Thank you, Mr. Chair, and honourable committee members. It's an honour to be able to address this committee.
Before I begin, I'd like to acknowledge that I'm currently speaking from what I believe to be the unceded ancestral territory of the Haudenosaunee, which is where my family home currently rests.
I'm a professor of medicine at the University of Toronto and a consultant in infectious diseases at Sinai Health and the University Health Network. Prior to this pandemic, most of my academic work was really focused around antimicrobial resistance—drug-resistant infections. I've been doing work on behalf of the Public Health Agency of Canada, along with Gerry Wright, to develop a pan-Canadian network to tackle antimicrobial-resistant infections.
This is my third such appearance before the Standing Committee on Health in relation to infectious diseases in the past four years. I'm really privileged to be invited again. As I will remind this committee—in fact, the only familiar face I see here is Mr. Davies', so there are many new faces—much of the action that I've urged this committee to act on previously has not occurred.
Although it was self-evident at the beginning of the pandemic when the virus was first isolated, it's worth reminding everyone that COVID-19 is just one of a host of drug-resistant infections. There are many drug-resistant infections that affect Canadians annually. Sadly, we estimate that we've lost around 22,000 people to COVID-19 over the past 12 months, and many more have become sick. We lose about one quarter of that figure annually due to drug-resistant infections at a cost to the Canadian health care system of $1.4 billion, with a reduction in GDP of about $2 billion. We expect that those numbers are going to rise to about $7.6 billion in health care costs and $21 billion in GDP by 2050.
We're now roughly a year into this pandemic, and it would be sufficient to say that the lives that we're going to continue to see lost around the world, including in Canada, will be due to a combination of two things. One is insufficient vaccination, primarily limited by supply, and the other one will be ineffective antimicrobial therapy. I do want to point out, as Dr. Langley also pointed out, that as citizens of the world, both of these issues affect people throughout the globe.
We need to invest in infectious diseases prevention, surveillance, diagnostics and therapeutics.

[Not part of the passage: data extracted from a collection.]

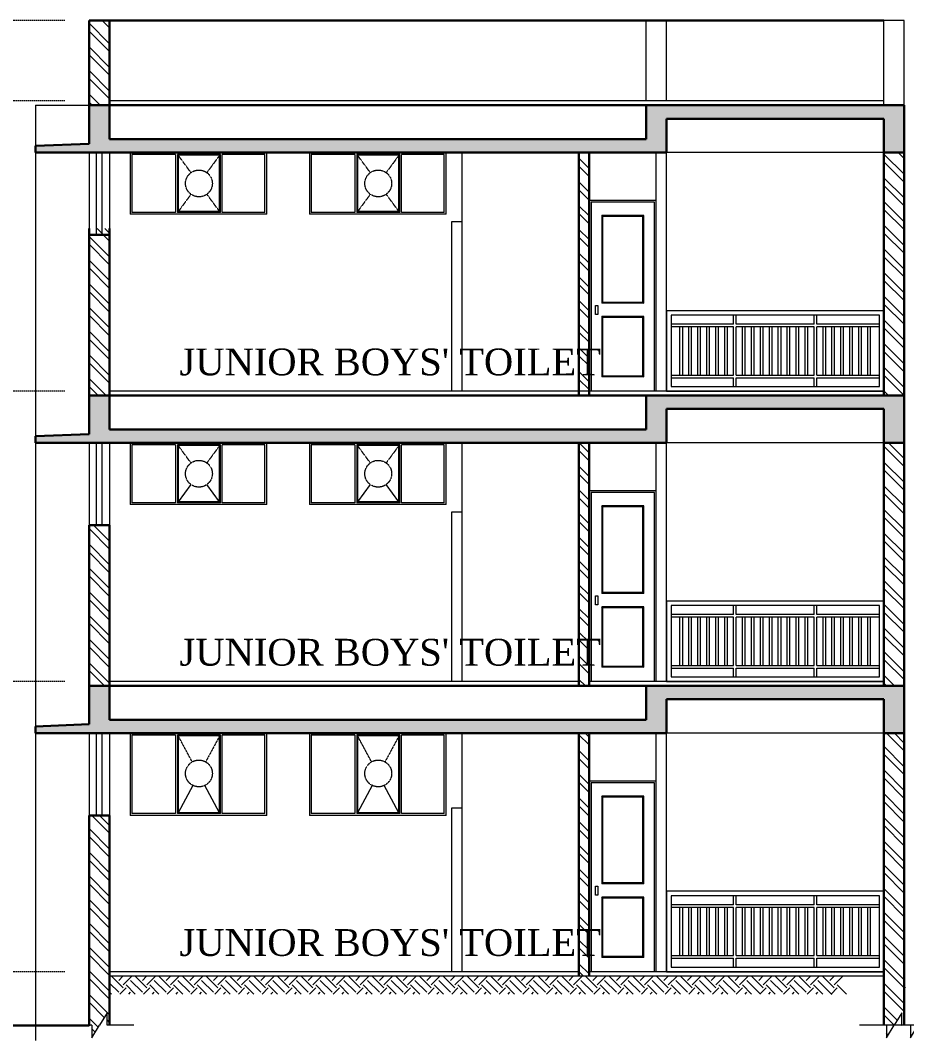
# Model space of a CAD drawing. Header units: metres. Extents: x 1545540 to 2027037, y 435419 to 693806.
# Drawn here: x 1951979 to 1961892, y 558989 to 570409 of the extents above; entities that cross this region are included whole.
import ezdxf

# ---------------------------------------------------------------- set-up
doc = ezdxf.new("R2010")
doc.units = ezdxf.units.M
doc.header["$LTSCALE"] = 1000
doc.linetypes.add('DASHED', pattern=[0.75, 0.5, -0.25])
for name, color, linetype, lineweight in [('beam l', 10, 'Continuous', 20), ('chaja l', 7, 'Continuous', 15), ('coloum hatch', 254, 'Continuous', 9), ('Door', 54, 'Continuous', 13), ('elevation', 1, 'Continuous', 13), ('FLOOR FINISH', 10, 'Continuous', 15), ('Hatch', 8, 'Continuous', 13), ('plinth', 7, 'DASHED', 20), ('Pool', 140, 'Continuous', 15), ('Railing', 34, 'Continuous', 20), ('SLAB', 5, 'Continuous', 30), ('Ventilator', 6, 'DASHED', 18), ('Wall', 7, 'Continuous', 30), ('wall l', 7, 'Continuous', 20), ('Window n door', 150, 'Continuous', 15)]:
    doc.layers.add(name, color=color, linetype=linetype, lineweight=lineweight)
doc.layers.add('text', color=7, linetype='Continuous')
doc.styles.add('L120', font='simplex.shx', dxfattribs={"height": 1})
pattern_1 = [(135, (6090000.98, 551136.73), (132.5825214, 132.5825214), []), (135, (6089912.6, 551136.73), (132.5825214, 132.5825214), [])]
pattern_2 = [(130, (5502746.58, 1027870.74), (-215.178055, -18.8256405), [22.5, -247.5]), (185, (5502746.58, 1027870.74), (41.6254, 225.65764), [18, -198]), (79.5486, (5502728.65, 1027869.17), (-173.552814, 206.831863), [19.122057, -210.342634]), (133.8158, (5502746.58, 1027930.74), (-320.172315, -49.655704), [33.75, -371.25]), (83.3644, (5502719.9, 1027926.6), (-280.398812, 292.23536), [28.683086, -315.5139]), (188.8158, (5502746.58, 1027930.74), (-280.398583, 292.23558), [27, -297]), (159, (5502716.58, 1027915.74), (-179.072116, -120.785667), [22.5, -247.5]), (214, (5502716.58, 1027915.74), (-72.9946, 217.545013), [18, -198]), (108.5486, (5502701.66, 1027905.67), (-252.066789, 96.759149), [19.122057, -210.342634]), (142.5, (5502746.58, 1027870.74), (-3.6479566, 99.8681561), [0, -195.6, 0, -201, 0, -198.75]), (172.5, (5502746.58, 1027870.74), (-78.9208612, 118.3235135), [0, -114.6, 0, -191.1, 0, -75.75]), (212.5, (5502813.48, 1027870.74), (-160.1467308, -6.7664615), [0, -75, 0, -234, 0, -310.5]), (222.5, (5502843.48, 1027870.74), (-174.955851, 30.0314947), [0, -97.5, 0, -155.4, 0, -220.5])]

# ---------------------------------------------------------------- blocks, each defined once
blk = doc.blocks.new('gjghj')
at = {"layer": 'wall l', "ltscale": 0.05}
for p, q in [((5060.719, -64.222), (5060.719, -64.081)), ((5060.719, -64.081), (5060.804, -64.222)), ((5060.419, -64.222), (5060.719, -64.222)), ((5060.89, -64.364), (5060.804, -64.222)), ((5060.89, -64.222), (5061.19, -64.222)), ((5060.89, -64.222), (5060.89, -64.364))]:
    blk.add_line(p, q, dxfattribs=at)
blk = doc.blocks.new('jgj')
at = {"layer": 'Ventilator', "ltscale": 0.05}
for p, q in [((4247.349, -120.714), (4247.349, -119.794)), ((4247.414, -120.714), (4247.414, -119.794))]:
    blk.add_line(p, q, dxfattribs=at)
blk = doc.blocks.new('yuio')
at = {"layer": 'Pool', "ltscale": 0.05}
for p, q in [((3125.184, -582.139), (3125.174, -582.129)), ((3125.644, -582.129), (3125.634, -582.139)), ((3125.184, -583.1), (3125.174, -583.11)), ((3125.634, -583.1), (3125.644, -583.11)), ((3125.184, -583.27), (3125.174, -583.26)), ((3125.644, -583.26), (3125.634, -583.27)), ((3125.184, -583.925), (3125.174, -583.935)), ((3125.634, -583.925), (3125.644, -583.935))]:
    blk.add_line(p, q, dxfattribs=at)
at = {"layer": 'Window n door'}
for p, q in [((3125.784, -581.959), (3125.034, -581.959)), ((3125.034, -581.959), (3125.034, -584.094)), ((3125.784, -584.094), (3125.784, -581.959)), ((3125.764, -581.979), (3125.054, -581.979)), ((3125.054, -581.979), (3125.054, -584.094)), ((3125.764, -584.094), (3125.764, -581.979)), ((3125.174, -582.129), (3125.174, -583.11)), ((3125.644, -582.129), (3125.174, -582.129)), ((3125.184, -582.139), (3125.184, -583.1)), ((3125.634, -582.139), (3125.184, -582.139)), ((3125.634, -583.1), (3125.634, -582.139)), ((3125.644, -583.11), (3125.644, -582.129)), ((3125.634, -583.1), (3125.184, -583.1)), ((3125.644, -583.11), (3125.174, -583.11)), ((3125.174, -583.26), (3125.174, -583.935)), ((3125.644, -583.26), (3125.174, -583.26)), ((3125.184, -583.27), (3125.184, -583.925)), ((3125.634, -583.27), (3125.184, -583.27)), ((3125.634, -583.925), (3125.634, -583.27)), ((3125.644, -583.935), (3125.644, -583.26)), ((3125.644, -583.935), (3125.174, -583.935)), ((3125.634, -583.925), (3125.184, -583.925))]:
    blk.add_line(p, q, dxfattribs=at)
at = {"layer": 'Window n door', "ltscale": 0.05}
blk.add_lwpolyline([(3125.104, -583.135), (3125.129, -583.135), (3125.129, -583.235), (3125.104, -583.235)], close=True, dxfattribs=at)

msp = doc.modelspace()

# ---------------------------------------------------------------- hatches: boundary and pattern name
at = {"layer": 'Hatch', "ltscale": 0.05}
h = msp.add_hatch(dxfattribs=at)
h.set_pattern_fill('ANSI32', color=256, scale=500, style=0)
h.set_pattern_definition(pattern_1)
h.paths.add_polyline_path([(1952977.0379, 569458.8197), (1952747.0379, 569458.8197), (1952747.0379, 570408.8197), (1952977.0379, 570408.8197)])
h.paths.add_polyline_path([(1952977.0379, 566259.1686), (1952977.0379, 566209.0277), (1952747.0379, 566209.0277), (1952747.0379, 568078.8197), (1952977.0379, 568078.8197)])
h.paths.add_polyline_path([(1952747.0379, 561509.3765), (1952977.0379, 561509.3765), (1952977.0379, 559759.7254), (1952977.0379, 559159.655), (1952947.9065, 559159.655), (1952947.9065, 559301.4346), (1952777.3436, 559017.8754), (1952777.3436, 559159.655), (1952747.0379, 559159.655)])
h.paths.add_polyline_path([(1952747.0379, 564759.0277), (1952977.0379, 564759.0277), (1952977.0379, 563009.3765), (1952977.0379, 562959.3765), (1952747.0379, 562959.3765)])
h = msp.add_hatch(dxfattribs=at)
h.set_pattern_fill('AR-CONC', color=256, scale=30, style=0)
h.set_pattern_definition(pattern_2)
h.paths.add_polyline_path([(1952147.0379, 569003.8197), (1952747.0379, 569028.8197), (1952747.0379, 569458.8197), (1952977.0379, 569458.8197), (1952977.0379, 569078.8197), (1958977.0379, 569078.8197), (1958977.0379, 569458.8197), (1959207.0379, 569458.8197), (1961866.1397, 569458.8197), (1961866.1397, 568928.8146), (1961636.1397, 568928.8146), (1961636.1397, 569308.8197), (1961635.2415, 569308.8197), (1959207.0379, 569308.8197), (1959207.0379, 568928.8197), (1952977.0379, 568928.8197), (1952747.0379, 568928.8197), (1952147.0379, 568928.8197)])
h = msp.add_hatch(dxfattribs=at)
h.set_pattern_fill('ANSI32', color=256, scale=500, style=0)
h.set_pattern_definition([(135, (6089990.09, 551136.73), (132.5825214, 132.5825214), []), (135, (6089901.7, 551136.73), (132.5825214, 132.5825214), [])])
h.paths.add_polyline_path([(1958226.1397, 562429.3765), (1958341.1397, 562429.3765), (1958341.1397, 559709.7254), (1958226.1397, 559709.7254)])
h.paths.add_polyline_path([(1958226.1397, 565679.0277), (1958341.1397, 565679.0277), (1958341.1397, 562959.3765), (1958226.1397, 562959.3765)])
h.paths.add_polyline_path([(1958226.1397, 568928.8197), (1958341.1397, 568928.8197), (1958341.1397, 566209.0277), (1958226.1397, 566209.0277)])
h = msp.add_hatch(dxfattribs=at)
h.set_pattern_fill('ANSI32', color=256, scale=500, style=0)
h.set_pattern_definition(pattern_1)
h.paths.add_polyline_path([(1961637.0379, 562429.3765), (1961866.1397, 562429.3765), (1961866.1397, 559159.655), (1961837.9065, 559159.655), (1961837.9065, 559301.4346), (1961667.3436, 559017.8754), (1961667.3436, 559159.655), (1961637.0379, 559159.655)])
h.paths.add_polyline_path([(1961637.0379, 565679.0277), (1961867.0379, 565679.0277), (1961867.0379, 562959.3765), (1961637.0379, 562959.3765)])
h.paths.add_polyline_path([(1961637.0379, 568928.8146), (1961867.0379, 568928.8146), (1961867.0379, 566209.0277), (1961637.0379, 566209.0277)])
h = msp.add_hatch(dxfattribs=at)
h.set_pattern_fill('AR-CONC', color=256, scale=30, style=0)
h.set_pattern_definition(pattern_2)
h.paths.add_polyline_path([(1952747.0379, 566209.0277), (1952977.0379, 566209.0277), (1952977.0379, 565829.0277), (1958977.0379, 565829.0277), (1958977.0379, 566209.0277), (1961866.1397, 566209.0277), (1961866.1397, 565679.0277), (1961636.1397, 565679.0277), (1961636.1397, 566059.0277), (1961635.2415, 566059.0277), (1959207.0379, 566059.0277), (1959207.0379, 565679.0277), (1952147.0379, 565679.0277), (1952147.0379, 565754.0277), (1952747.0379, 565779.0277)])
h = msp.add_hatch(dxfattribs=at)
h.set_pattern_fill('AR-CONC', color=256, scale=30, style=0)
h.set_pattern_definition(pattern_2)
h.paths.add_polyline_path([(1952747.0379, 562959.3765), (1952977.0379, 562959.3765), (1952977.0379, 562579.3765), (1958977.0379, 562579.3765), (1958977.0379, 562959.3765), (1961866.1397, 562959.3765), (1961866.1397, 562429.3765), (1961636.1397, 562429.3765), (1961636.1397, 562809.3765), (1961635.2415, 562809.3765), (1959207.0379, 562809.3765), (1959207.0379, 562429.3765), (1952977.0379, 562429.3765), (1952747.0379, 562429.3765), (1952147.0379, 562429.3765), (1952147.0379, 562504.3765), (1952747.0379, 562529.3765)])

# ---------------------------------------------------------------- linework, layer by layer
at = {"layer": 'beam l', "ltscale": 0.05}
for p, q in [((1961636.1397, 568928.8146), (1959207.0379, 568928.8146)), ((1961636.1397, 565679.0277), (1959207.0379, 565679.0277)), ((1961636.1397, 562429.3765), (1959207.0379, 562429.3765))]:
    msp.add_line(p, q, dxfattribs=at)
at = {"layer": 'chaja l', "ltscale": 0.05}
for q in [(1952147.0379, 558988.8197), (1952747.0379, 569458.8197)]:
    msp.add_line((1952147.0379, 569458.8197), q, dxfattribs=at)
at = {"layer": 'coloum hatch', "ltscale": 0.05}
for p, q in [((1952977.0379, 570408.8197), (1952977.0379, 569458.8197)), ((1958977.0379, 569508.8197), (1958977.0379, 570408.8196)), ((1959207.0379, 569508.8197), (1959207.0379, 570408.8196)), ((1961636.1397, 569458.8197), (1961636.1397, 570408.8196)), ((1961866.1397, 570408.8196), (1961636.1397, 570408.8196)), ((1961866.1397, 569458.8197), (1961866.1397, 570408.8196))]:
    msp.add_line(p, q, dxfattribs=at)
at = {"layer": 'elevation', "ltscale": 0.05}
for p, q in [((1961636.1397, 569508.8197), (1952977.0379, 569508.8197)), ((1958237.0379, 566259.0277), (1952977.0379, 566259.0277)), ((1961636.1397, 566259.0277), (1958237.0379, 566259.0277)), ((1961636.1397, 566259.0277), (1961635.2415, 566259.0277)), ((1958226.1397, 563009.3765), (1952977.0379, 563009.3765)), ((1961637.0379, 563009.3765), (1958341.1397, 563009.3765))]:
    msp.add_line(p, q, dxfattribs=at)
at = {"layer": 'FLOOR FINISH', "ltscale": 0.05}
for p, q in [((1961637.0379, 566259.1686), (1959207.0379, 566259.1686)), ((1961637.0379, 563009.3765), (1959207.0379, 563009.3765)), ((1958226.1397, 559759.7254), (1952977.0379, 559759.7254)), ((1959257.0379, 559759.7254), (1958341.1397, 559759.7254)), ((1961637.0379, 559759.7254), (1959207.0379, 559759.7254))]:
    msp.add_line(p, q, dxfattribs=at)
at = {"layer": 'plinth', "ltscale": 0.03}
for p, q in [((1952477.0379, 570408.8197), (1945934.7653, 570408.8197)), ((1952477.0379, 569508.8197), (1945934.7653, 569508.8197)), ((1952477.0379, 566259.0277), (1945934.7653, 566259.0277)), ((1952477.0379, 563009.3765), (1945934.7653, 563009.3765)), ((1952477.0379, 559759.7254), (1945934.7653, 559759.7254))]:
    msp.add_line(p, q, dxfattribs=at)
at = {"layer": 'Railing', "ltscale": 0.05}
for p, q in [((1961587.0379, 567109.1686), (1959257.0379, 567109.1686)), ((1959257.0379, 567109.1686), (1959257.0379, 566309.1686)), ((1959957.0379, 567009.1686), (1959257.0379, 567009.1686)), ((1959957.0379, 567009.1686), (1959957.0379, 567109.1686)), ((1959987.0379, 567009.1686), (1959987.0379, 567109.1686)), ((1960857.0379, 567009.1686), (1959987.0379, 567009.1686)), ((1960857.0379, 567009.1686), (1960857.0379, 567109.1686)), ((1960887.0379, 567009.1686), (1960887.0379, 567109.1686)), ((1961587.0379, 567009.1686), (1960887.0379, 567009.1686)), ((1961587.0379, 566309.1686), (1961587.0379, 567109.1686)), ((1959957.0379, 566979.1686), (1959257.0379, 566979.1686)), ((1959357.0379, 566439.1686), (1959357.0379, 566979.1686)), ((1959387.0379, 566439.1686), (1959387.0379, 566979.1686)), ((1959457.0379, 566439.1686), (1959457.0379, 566979.1686)), ((1959487.0379, 566439.1686), (1959487.0379, 566979.1686)), ((1959557.0379, 566439.1686), (1959557.0379, 566979.1686)), ((1959587.0379, 566439.1686), (1959587.0379, 566979.1686)), ((1959657.0379, 566439.1686), (1959657.0379, 566979.1686)), ((1959687.0379, 566439.1686), (1959687.0379, 566979.1686)), ((1959757.0379, 566439.1686), (1959757.0379, 566979.1686)), ((1959787.0379, 566439.1686), (1959787.0379, 566979.1686)), ((1959857.0379, 566439.1686), (1959857.0379, 566979.1686)), ((1959887.0379, 566439.1686), (1959887.0379, 566979.1686)), ((1959957.0379, 566439.1686), (1959957.0379, 566979.1686)), ((1960857.0379, 566979.1686), (1959987.0379, 566979.1686)), ((1959987.0379, 566439.1686), (1959987.0379, 566979.1686)), ((1960057.0379, 566439.1686), (1960057.0379, 566979.1686)), ((1960087.0379, 566439.1686), (1960087.0379, 566979.1686)), ((1960157.0379, 566439.1686), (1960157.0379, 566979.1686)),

I think I'm going to attenuate what I was going to say for reasons of time, but I will point out that our surveillance systems in particular remain so poor that at present we've had to put together a hodgepodge of genomic sequencing resources to try to give us the surveillance information that countries like Denmark, which has one tenth of Canada's population, and the U.K., which has roughly double our population, can provide to their own citizens. We also lack the capacity to develop antimicrobials, and we're unable to produce vaccines to serve our citizens.
We have not been able to mount a coordinated response to infectious diseases, and I really want to focus for the next while on drug therapy. I will start by pointing out that there are two evidence-based therapeutic treatments for COVID-19 that unequivocally save lives in hospitalized patients: dexamethasone, which is a cortisone-like medication, and tocilizumab, which is a monoclonal antibody that blocks a component of the immune system. Both of these agents are life-saving with comparable and additive effects.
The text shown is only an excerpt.